The Belgian watchdog, the Financial Services and Markets Authority (FSMA), recently revealed a disconcerting trend in its latest report – fraudulent trading platforms and cryptocurrency scams continue to dominate the fraud landscape, accounting for roughly half of all reported cases.
In the latter half of 2024, these illicit activities led to reported losses of €15.9 million for Belgian consumers, with a considerable €12.5 million being tied to fraudulent trading platforms. These platforms, primarily linked to cryptocurrency investment schemes, have proven to be a particularly perilous pitfall for consumers. The FSMA also reported losses of €1.6 million due to deceptive portfolio management offers.
The past year saw the FSMA receive 2,621 reports of unauthorized activities, marking a 20% uptick in comparison to the previous year. The number of warnings issued by the FSMA also rose, with 16 warnings concerning 297 fraudulent entities and 396 websites disseminated throughout the course of 2024.

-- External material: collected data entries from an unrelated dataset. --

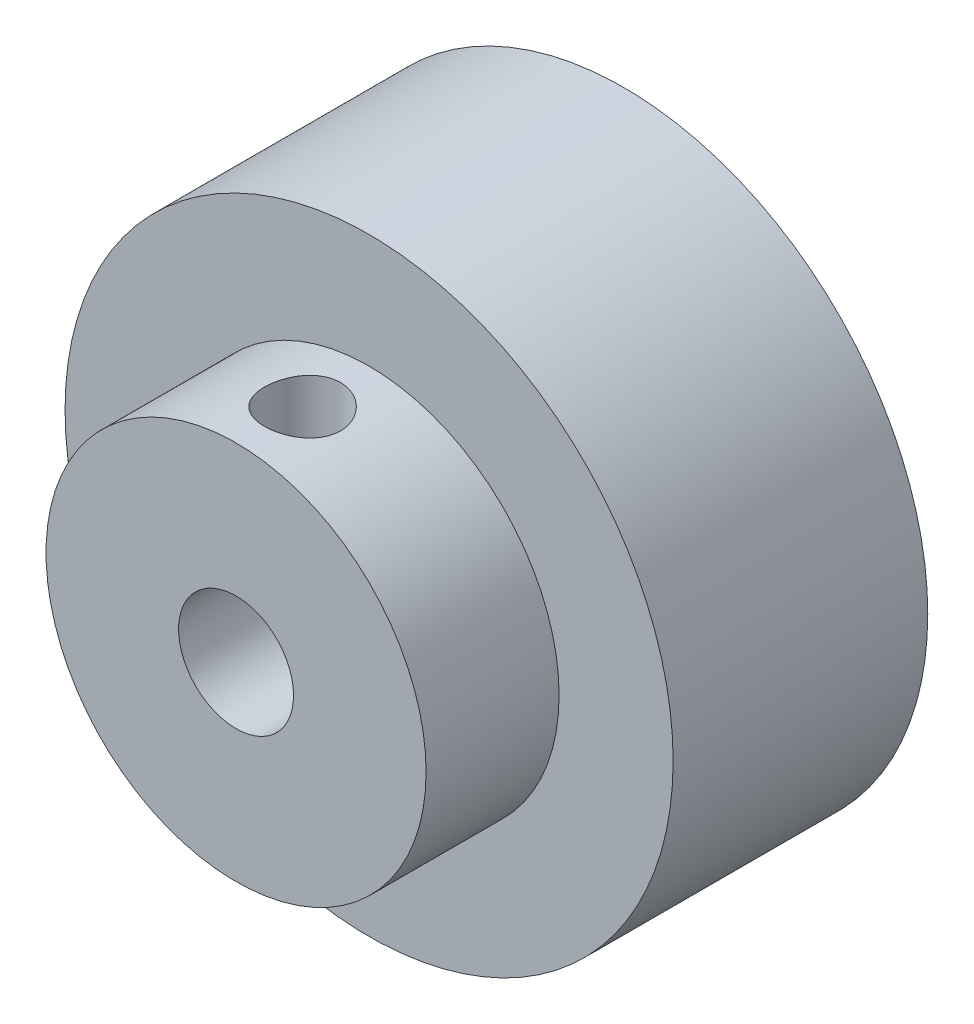
ISO-10303-21;
HEADER;
FILE_DESCRIPTION(('STEP AP214'),'2;1');
FILE_NAME('part.step','',(''),(''),'','','');
FILE_SCHEMA(('AUTOMOTIVE_DESIGN { 1 0 10303 214 1 1 1 1 }'));
ENDSEC;
DATA;
#1=APPLICATION_CONTEXT('core data for automotive mechanical design processes');
#2=APPLICATION_PROTOCOL_DEFINITION('international standard','automotive_design',2000,#1);
#3=PRODUCT_CONTEXT('',#1,'mechanical');
#4=PRODUCT('Part','Part','',(#3));
#5=PRODUCT_RELATED_PRODUCT_CATEGORY('part','',(#4));
#6=PRODUCT_DEFINITION_FORMATION('','',#4);
#7=PRODUCT_DEFINITION_CONTEXT('part definition',#1,'design');
#8=PRODUCT_DEFINITION('design','',#6,#7);
#9=PRODUCT_DEFINITION_SHAPE('','',#8);
#10=(LENGTH_UNIT() NAMED_UNIT(*) SI_UNIT(.MILLI.,.METRE.));
#11=(NAMED_UNIT(*) PLANE_ANGLE_UNIT() SI_UNIT($,.RADIAN.));
#12=(NAMED_UNIT(*) SI_UNIT($,.STERADIAN.) SOLID_ANGLE_UNIT());
#13=UNCERTAINTY_MEASURE_WITH_UNIT(LENGTH_MEASURE(1.E-05),#10,'distance_accuracy_value','');
#14=(GEOMETRIC_REPRESENTATION_CONTEXT(3) GLOBAL_UNCERTAINTY_ASSIGNED_CONTEXT((#13)) GLOBAL_UNIT_ASSIGNED_CONTEXT((#10,
#11,#12)) REPRESENTATION_CONTEXT('',''));
#15=CARTESIAN_POINT('',(0.,0.,0.));
#16=DIRECTION('',(0.,0.,1.));
#17=DIRECTION('',(1.,0.,0.));
#18=AXIS2_PLACEMENT_3D('',#15,#16,#17);
#19=CARTESIAN_POINT('',(0.,0.,13.7));
#20=DIRECTION('',(0.,0.,-1.));
#21=DIRECTION('',(-1.,0.,0.));
#22=AXIS2_PLACEMENT_3D('',#19,#20,#21);
#23=CYLINDRICAL_SURFACE('',#22,10.);
#24=CARTESIAN_POINT('',(0.,0.,13.7));
#25=DIRECTION('',(0.,0.,1.));
#26=DIRECTION('',(1.,0.,0.));
#27=AXIS2_PLACEMENT_3D('',#24,#25,#26);
#28=CIRCLE('',#27,10.);
#29=CARTESIAN_POINT('',(10.,0.,13.7));
#30=VERTEX_POINT('',#29);
#31=EDGE_CURVE('E70',#30,#30,#28,.T.);
#32=ORIENTED_EDGE('',*,*,#31,.F.);
#33=EDGE_LOOP('',(#32));
#34=FACE_BOUND('',#33,.T.);
#35=CARTESIAN_POINT('',(0.,0.,6.7));
#36=DIRECTION('',(0.,0.,1.));
#37=DIRECTION('',(1.,0.,0.));
#38=AXIS2_PLACEMENT_3D('',#35,#36,#37);
#39=CIRCLE('',#38,10.);
#40=CARTESIAN_POINT('',(10.,0.,6.7));
#41=VERTEX_POINT('',#40);
#42=EDGE_CURVE('E71',#41,#41,#39,.T.);
#43=ORIENTED_EDGE('',*,*,#42,.T.);
#44=EDGE_LOOP('',(#43));
#45=FACE_BOUND('',#44,.T.);
#46=CARTESIAN_POINT('',(0.,10.,8.2));
#47=CARTESIAN_POINT('',(-0.111153813585266,9.99999795161742,8.20000408899669));
#48=CARTESIAN_POINT('',(-0.222359320403044,9.99812770356462,8.20929768593529));
#49=CARTESIAN_POINT('',(-0.441627015378038,9.99084731246463,8.24619700023049));
#50=CARTESIAN_POINT('',(-0.549686635082711,9.98543435720372,8.27381726560302));
#51=CARTESIAN_POINT('',(-0.759460610526626,9.97167298556573,8.34648254724158));
#52=CARTESIAN_POINT('',(-0.861180935866267,9.96332738153436,8.39151087368938));
#53=CARTESIAN_POINT('',(-1.05561597772845,9.94460796070629,8.49766449502259));
#54=CARTESIAN_POINT('',(-1.14833123015162,9.93423426471414,8.55878883121441));
#55=CARTESIAN_POINT('',(-1.32338695462973,9.9124433065994,8.69627698858287));
#56=CARTESIAN_POINT('',(-1.40558790231705,9.90101491008695,8.7728167107824));
#57=CARTESIAN_POINT('',(-1.55607351321606,9.87848360905177,8.9385848327834));
#58=CARTESIAN_POINT('',(-1.62435708954085,9.86738073000848,9.02781422267024));
#59=CARTESIAN_POINT('',(-1.74566350669524,9.8466488362523,9.21743238602375));
#60=CARTESIAN_POINT('',(-1.79854187773173,9.83703414729892,9.31791528759272));
#61=CARTESIAN_POINT('',(-1.88661133316062,9.82052536116836,9.52656363800816));
#62=CARTESIAN_POINT('',(-1.92180416487448,9.81363099523923,9.63472832669269));
#63=CARTESIAN_POINT('',(-1.97305059976965,9.80345610504409,9.85416872781583));
#64=CARTESIAN_POINT('',(-1.98934899591755,9.80012940214375,9.96538508828445));
#65=CARTESIAN_POINT('',(-2.00310425545224,9.79732750121254,10.1890196427287));
#66=CARTESIAN_POINT('',(-2.000563045427,9.79785190935681,10.3014377126403));
#67=CARTESIAN_POINT('',(-1.97690914620364,9.80265102296369,10.522493576042));
#68=CARTESIAN_POINT('',(-1.95607708048781,9.80686905717527,10.6311628112546));
#69=CARTESIAN_POINT('',(-1.8968757692461,9.81849092320002,10.843432153326));
#70=CARTESIAN_POINT('',(-1.85850568620136,9.82589490715558,10.947032017838));
#71=CARTESIAN_POINT('',(-1.76504956734944,9.84311237000816,11.1470305234072));
#72=CARTESIAN_POINT('',(-1.70985230246423,9.85294179627409,11.2433757591383));
#73=CARTESIAN_POINT('',(-1.58438714914536,9.87389237546124,11.4255416999456));
#74=CARTESIAN_POINT('',(-1.51411752871366,9.88501367676732,11.5113611937023));
#75=CARTESIAN_POINT('',(-1.35899986912117,9.90754042482924,11.6716588049139));
#76=CARTESIAN_POINT('',(-1.27391232242489,9.9189473842181,11.7459051357183));
#77=CARTESIAN_POINT('',(-1.09237004812402,9.94057697428817,11.8791076926024));
#78=CARTESIAN_POINT('',(-0.99591517475878,9.95079958977947,11.9380637225872));
#79=CARTESIAN_POINT('',(-0.794118773757843,9.96893380321774,12.039055018452));
#80=CARTESIAN_POINT('',(-0.688763639170601,9.97684177696544,12.0810637872891));
#81=CARTESIAN_POINT('',(-0.472297952897331,9.98942817975716,12.1467209480771));
#82=CARTESIAN_POINT('',(-0.3611881001449,9.99410700001063,12.1703715641473));
#83=CARTESIAN_POINT('',(-0.138358811254302,9.99965343733735,12.1983129075886));
#84=CARTESIAN_POINT('',(-0.0266806566511532,10.0005834930494,12.2029208390805));
#85=CARTESIAN_POINT('',(0.195849868385427,9.99870103860205,12.1935002821156));
#86=CARTESIAN_POINT('',(0.306702284887586,9.99588873882892,12.1794728412948));
#87=CARTESIAN_POINT('',(0.523411319893081,9.98687664016035,12.1334432529121));
#88=CARTESIAN_POINT('',(0.629303896679805,9.98070752808413,12.1016038630042));
#89=CARTESIAN_POINT('',(0.834247254999334,9.96567104122065,12.0210320346884));
#90=CARTESIAN_POINT('',(0.933297523275078,9.95680346428454,11.9722983306463));
#91=CARTESIAN_POINT('',(1.12308234737243,9.93719823066589,11.8586350186974));
#92=CARTESIAN_POINT('',(1.21370025350438,9.92643900874104,11.7935144379221));
#93=CARTESIAN_POINT('',(1.38283603823841,9.90429469659765,11.6491816175854));
#94=CARTESIAN_POINT('',(1.46135261786152,9.89290953936776,11.5699678672003));
#95=CARTESIAN_POINT('',(1.60528118154835,9.8705860711393,11.3982532962178));
#96=CARTESIAN_POINT('',(1.67047540489731,9.85965720466609,11.3055685115573));
#97=CARTESIAN_POINT('',(1.78437084010241,9.83968383592389,11.1103772772866));
#98=CARTESIAN_POINT('',(1.8330727118458,9.83063925826685,11.0078712208529));
#99=CARTESIAN_POINT('',(1.91230368316392,9.81553481168766,10.7964635077009));
#100=CARTESIAN_POINT('',(1.9429269995821,9.80945949744373,10.6875983175794));
#101=CARTESIAN_POINT('',(1.98541730325439,9.8009487358405,10.4661330930182));
#102=CARTESIAN_POINT('',(1.99728673645022,9.79851281382223,10.3535335475813));
#103=CARTESIAN_POINT('',(2.00184182173494,9.79758299262758,10.1299822709114));
#104=CARTESIAN_POINT('',(1.99487157614179,9.79901838378602,10.019037702146));
#105=CARTESIAN_POINT('',(1.96270460820012,9.80551146969228,9.79993670018995));
#106=CARTESIAN_POINT('',(1.9375080322586,9.81056913534338,9.69178024461039));
#107=CARTESIAN_POINT('',(1.86975713699791,9.82370528438317,9.48154457751891));
#108=CARTESIAN_POINT('',(1.82724501343469,9.83177642037661,9.37945127899517));
#109=CARTESIAN_POINT('',(1.72610928920321,9.85003429948341,9.18379255853112));
#110=CARTESIAN_POINT('',(1.66748433754976,9.86022121997788,9.09022785254973));
#111=CARTESIAN_POINT('',(1.53461182957283,9.88177921046451,8.91256885569937));
#112=CARTESIAN_POINT('',(1.46011577447036,9.89316745819399,8.82866246946481));
#113=CARTESIAN_POINT('',(1.29812873802628,9.91572163743909,8.67442758894166));
#114=CARTESIAN_POINT('',(1.21063477430667,9.92688751726369,8.60410221936546));
#115=CARTESIAN_POINT('',(1.02403525817649,9.94787664775943,8.47833071210711));
#116=CARTESIAN_POINT('',(0.92481776885967,9.95768462438492,8.42304799343995));
#117=CARTESIAN_POINT('',(0.718332721881466,9.9747025017,8.33002775480682));
#118=CARTESIAN_POINT('',(0.611072521726253,9.98191474277232,8.29227442093502));
#119=CARTESIAN_POINT('',(0.419642977847559,9.99152745190741,8.24269610391057));
#120=CARTESIAN_POINT('',(0.336563328027569,9.99468606316904,8.22671361258449));
#121=CARTESIAN_POINT('',(0.168999050420133,9.99892308279786,8.20536417528327));
#122=CARTESIAN_POINT('',(0.0845144674972378,10.0000015574631,8.19999689098047));
#123=CARTESIAN_POINT('',(0.,10.,8.2));
#124=B_SPLINE_CURVE_WITH_KNOTS('',3,(#46,#47,#48,#49,#50,#51,#52,#53,#54,#55,#56,#57,#58,#59,
#60,#61,#62,#63,#64,#65,#66,#67,#68,#69,#70,#71,#72,#73,#74,#75,#76,#77,#78,#79,#80,#81,#82,#83,
#84,#85,#86,#87,#88,#89,#90,#91,#92,#93,#94,#95,#96,#97,#98,#99,#100,#101,#102,#103,#104,#105,
#106,#107,#108,#109,#110,#111,#112,#113,#114,#115,#116,#117,#118,#119,#120,#121,#122,#123),
.UNSPECIFIED.,.T.,.F.,(4,2,2,2,2,2,2,2,2,2,2,2,2,2,2,2,2,2,2,2,2,2,2,2,2,2,2,2,2,2,2,2,2,2,2,2,
2,2,4),(0.,0.333152261322516,0.666569301382645,0.999667470500682,1.33274580446173,
1.66986534022437,2.00701119349473,2.34722390011845,2.68740298730395,3.02312370207175,
3.3588100856245,3.68943454012557,4.02007478507459,4.35294980407185,4.68586309499341,
5.02476504982701,5.3636713507964,5.70310549708048,6.04249851396072,6.3762147135253,
6.70991215315735,7.04060907901447,7.37133078432045,7.70610132066717,8.0409077669186,
8.38081257158451,8.72070377446933,9.05880762065446,9.39686736660829,9.72879445135402,
10.0607188698522,10.3918392250622,10.7229873516373,11.0597615247829,11.3966130906586,
11.7369899335127,12.0770591103504,12.3303755057979,12.5836838274199),.UNSPECIFIED.);
#125=CARTESIAN_POINT('',(0.,10.,8.2));
#126=VERTEX_POINT('',#125);
#127=EDGE_CURVE('E80',#126,#126,#124,.T.);
#128=ORIENTED_EDGE('',*,*,#127,.F.);
#129=EDGE_LOOP('',(#128));
#130=FACE_BOUND('',#129,.T.);
#131=ADVANCED_FACE('F33',(#34,#45,#130),#23,.T.);
#132=CARTESIAN_POINT('',(0.,0.,13.7));
#133=DIRECTION('',(0.,0.,-1.));
#134=DIRECTION('',(-1.,0.,0.));
#135=AXIS2_PLACEMENT_3D('',#132,#133,#134);
#136=CYLINDRICAL_SURFACE('',#135,3.025);
#137=CARTESIAN_POINT('',(0.,0.,6.7));
#138=DIRECTION('',(0.,0.,1.));
#139=DIRECTION('',(1.,0.,0.));
#140=AXIS2_PLACEMENT_3D('',#137,#138,#139);
#141=CIRCLE('',#140,3.025);
#142=CARTESIAN_POINT('',(3.025,0.,6.7));
#143=VERTEX_POINT('',#142);
#144=EDGE_CURVE('E77',#143,#143,#141,.T.);
#145=ORIENTED_EDGE('',*,*,#144,.F.);
#146=EDGE_LOOP('',(#145));
#147=FACE_BOUND('',#146,.T.);
#148=CARTESIAN_POINT('',(0.,0.,13.7));
#149=DIRECTION('',(0.,0.,1.));
#150=DIRECTION('',(1.,0.,0.));
#151=AXIS2_PLACEMENT_3D('',#148,#149,#150);
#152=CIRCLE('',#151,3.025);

A notable emerging threat is the so-called “recovery room” fraud. This insidious scam involves fraudsters targeting victims of initial investment fraud, offering to recover their lost funds for an upfront fee. The FSMA has strongly advised against paying these fees, sharing personal information, or granting the fraudsters remote access to devices.
Operating under the guise of law firms or financial authorities, these fraudsters often employ fake documents, websites, and email addresses in their duplicitous efforts. The FSMA reported 25 such scams in the last six months, which equates to a 57% increase in recovery room fraud cases from 2023 to 2024. In response to this rising threat, the FSMA has alerted the public and is actively cooperating with judicial authorities and web hosts to tackle these scams.
Simultaneously, the FSMA has highlighted the risks associated with prop trading firms. These firms, which engage in proprietary trading, are often accused of exploiting consumers’ financial naivety. As reported by Finance Magnates, these firms tempt consumers with the opportunity to trade various financial products, such as shares, commodities, and forex, without using their own capital. However, they often require consumers to pay for expensive courses, supposedly designed to weed out less committed participants, while simultaneously generating revenue.
Many consumers end up paying for multiple courses without ever accessing real trading opportunities. Upon completion, consumers are provided with a certificate and the opportunity to engage in simulated trading on demo accounts, offering them no control over actual trades or potential earnings. Consequently, the FSMA urges caution when engaging with these firms.
These alarming trends underline the importance of consumer education and vigilance in the face of an increasingly sophisticated and diverse fraud landscape. As the FSMA continues to monitor and combat these threats, the public should remain wary and informed to protect their financial well-being.